■ **WORK REQUEST**
After reading the entries below, report how many lines have the string "mechanical" in them, giving the number alone.

DATASET EXTRACT Block Start

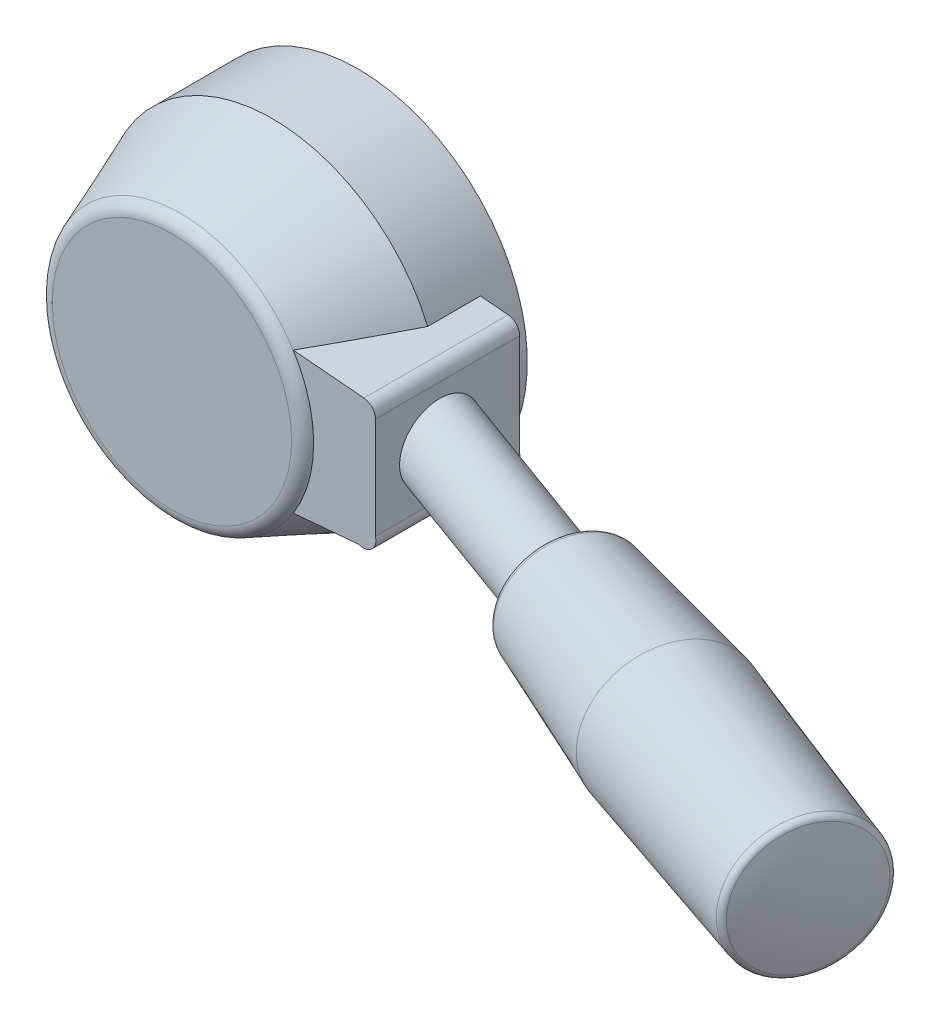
ISO-10303-21;
HEADER;
FILE_DESCRIPTION(('STEP AP214'),'2;1');
FILE_NAME('part.step','',(''),(''),'','','');
FILE_SCHEMA(('AUTOMOTIVE_DESIGN { 1 0 10303 214 1 1 1 1 }'));
ENDSEC;
DATA;
#1=APPLICATION_CONTEXT('core data for automotive mechanical design processes');
#2=APPLICATION_PROTOCOL_DEFINITION('international standard','automotive_design',2000,#1);
#3=PRODUCT_CONTEXT('',#1,'mechanical');
#4=PRODUCT('Part','Part','',(#3));
#5=PRODUCT_RELATED_PRODUCT_CATEGORY('part','',(#4));
#6=PRODUCT_DEFINITION_FORMATION('','',#4);
#7=PRODUCT_DEFINITION_CONTEXT('part definition',#1,'design');
#8=PRODUCT_DEFINITION('design','',#6,#7);
#9=PRODUCT_DEFINITION_SHAPE('','',#8);
#10=(LENGTH_UNIT() NAMED_UNIT(*) SI_UNIT(.MILLI.,.METRE.));
#11=(NAMED_UNIT(*) PLANE_ANGLE_UNIT() SI_UNIT($,.RADIAN.));
#12=(NAMED_UNIT(*) SI_UNIT($,.STERADIAN.) SOLID_ANGLE_UNIT());
#13=UNCERTAINTY_MEASURE_WITH_UNIT(LENGTH_MEASURE(1.E-05),#10,'distance_accuracy_value','');
#14=(GEOMETRIC_REPRESENTATION_CONTEXT(3) GLOBAL_UNCERTAINTY_ASSIGNED_CONTEXT((#13)) GLOBAL_UNIT_ASSIGNED_CONTEXT((#10,
#11,#12)) REPRESENTATION_CONTEXT('',''));
#15=CARTESIAN_POINT('',(0.,0.,0.));
#16=DIRECTION('',(0.,0.,1.));
#17=DIRECTION('',(1.,0.,0.));
#18=AXIS2_PLACEMENT_3D('',#15,#16,#17);
#19=CARTESIAN_POINT('',(-16.5,0.,0.300000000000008));
#20=DIRECTION('',(0.,0.,-1.));
#21=DIRECTION('',(0.,1.,0.));
#22=AXIS2_PLACEMENT_3D('',#19,#20,#21);
#23=PLANE('',#22);
#24=CARTESIAN_POINT('',(0.,0.,0.300000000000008));
#25=DIRECTION('',(0.,0.,1.));
#26=DIRECTION('',(0.,-1.,0.));
#27=AXIS2_PLACEMENT_3D('',#24,#25,#26);
#28=CIRCLE('',#27,13.);
#29=CARTESIAN_POINT('',(0.,-13.,0.300000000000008));
#30=VERTEX_POINT('',#29);
#31=EDGE_CURVE('E590',#30,#30,#28,.T.);
#32=ORIENTED_EDGE('',*,*,#31,.T.);
#33=EDGE_LOOP('',(#32));
#34=FACE_BOUND('',#33,.T.);
#35=CARTESIAN_POINT('',(0.,0.,0.300000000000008));
#36=DIRECTION('',(0.,0.,1.));
#37=DIRECTION('',(0.,-1.,0.));
#38=AXIS2_PLACEMENT_3D('',#35,#36,#37);
#39=CIRCLE('',#38,16.5);
#40=CARTESIAN_POINT('',(-3.06078551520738,16.2136236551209,0.300000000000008));
#41=VERTEX_POINT('',#40);
#42=CARTESIAN_POINT('',(-2.44985043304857,-16.3171147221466,0.300000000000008));
#43=VERTEX_POINT('',#42);
#44=EDGE_CURVE('E520',#41,#43,#39,.T.);
#45=ORIENTED_EDGE('',*,*,#44,.F.);
#46=CARTESIAN_POINT('',(-0.780493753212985,19.5,0.300000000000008));
#47=DIRECTION('',(0.,0.,-1.));
#48=DIRECTION('',(0.,1.,0.));
#49=AXIS2_PLACEMENT_3D('',#46,#47,#48);
#50=CIRCLE('',#49,4.);
#51=CARTESIAN_POINT('',(1.75515927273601,16.406383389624,0.300000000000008));
#52=VERTEX_POINT('',#51);
#53=EDGE_CURVE('E211',#52,#41,#50,.T.);
#54=ORIENTED_EDGE('',*,*,#53,.F.);
#55=CARTESIAN_POINT('',(2.40432256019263,-16.3238853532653,0.300000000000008));
#56=VERTEX_POINT('',#55);
#57=EDGE_CURVE('E223',#56,#52,#39,.T.);
#58=ORIENTED_EDGE('',*,*,#57,.F.);
#59=CARTESIAN_POINT('',(-0.0271987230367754,-19.5,0.300000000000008));
#60=DIRECTION('',(0.,0.,-1.));
#61=DIRECTION('',(0.,1.,0.));
#62=AXIS2_PLACEMENT_3D('',#59,#60,#61);
#63=CIRCLE('',#62,4.);
#64=EDGE_CURVE('E231',#43,#56,#63,.T.);
#65=ORIENTED_EDGE('',*,*,#64,.F.);
#66=EDGE_LOOP('',(#45,#54,#58,#65));
#67=FACE_BOUND('',#66,.T.);
#68=ADVANCED_FACE('F14',(#34,#67),#23,.T.);
#69=CARTESIAN_POINT('',(-27.,0.,0.300000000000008));
#70=DIRECTION('',(0.,0.,-1.));
#71=DIRECTION('',(0.,1.,0.));
#72=AXIS2_PLACEMENT_3D('',#69,#70,#71);
#73=PLANE('',#72);
#74=CARTESIAN_POINT('',(0.,0.,0.300000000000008));
#75=DIRECTION('',(0.,0.,1.));
#76=DIRECTION('',(0.,-1.,0.));
#77=AXIS2_PLACEMENT_3D('',#74,#75,#76);
#78=CIRCLE('',#77,27.);
#79=CARTESIAN_POINT('',(0.,-27.,0.300000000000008));
#80=VERTEX_POINT('',#79);
#81=EDGE_CURVE('E530',#80,#80,#78,.T.);
#82=ORIENTED_EDGE('',*,*,#81,.F.);
#83=EDGE_LOOP('',(#82));
#84=FACE_BOUND('',#83,.T.);
#85=CARTESIAN_POINT('',(0.,0.,0.300000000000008));
#86=DIRECTION('',(0.,0.,-1.));
#87=DIRECTION('',(0.,1.,0.));
#88=AXIS2_PLACEMENT_3D('',#85,#86,#87);
#89=CIRCLE('',#88,16.549827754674);
#90=CARTESIAN_POINT('',(1.80832752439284,16.4507370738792,0.300000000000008));
#91=VERTEX_POINT('',#90);
#92=CARTESIAN_POINT('',(7.02428559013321,14.9851997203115,0.300000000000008));
#93=VERTEX_POINT('',#92);
#94=EDGE_CURVE('E272',#91,#93,#89,.T.);
#95=ORIENTED_EDGE('',*,*,#94,.F.);
#96=CARTESIAN_POINT('',(-3.11732854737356,16.2535861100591,0.300000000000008));
#97=VERTEX_POINT('',#96);
#98=EDGE_CURVE('E217',#97,#91,#50,.T.);
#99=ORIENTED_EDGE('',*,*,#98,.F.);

DATASET EXTRACT Block End

■ **RESULT OF THE EXERCISE**
2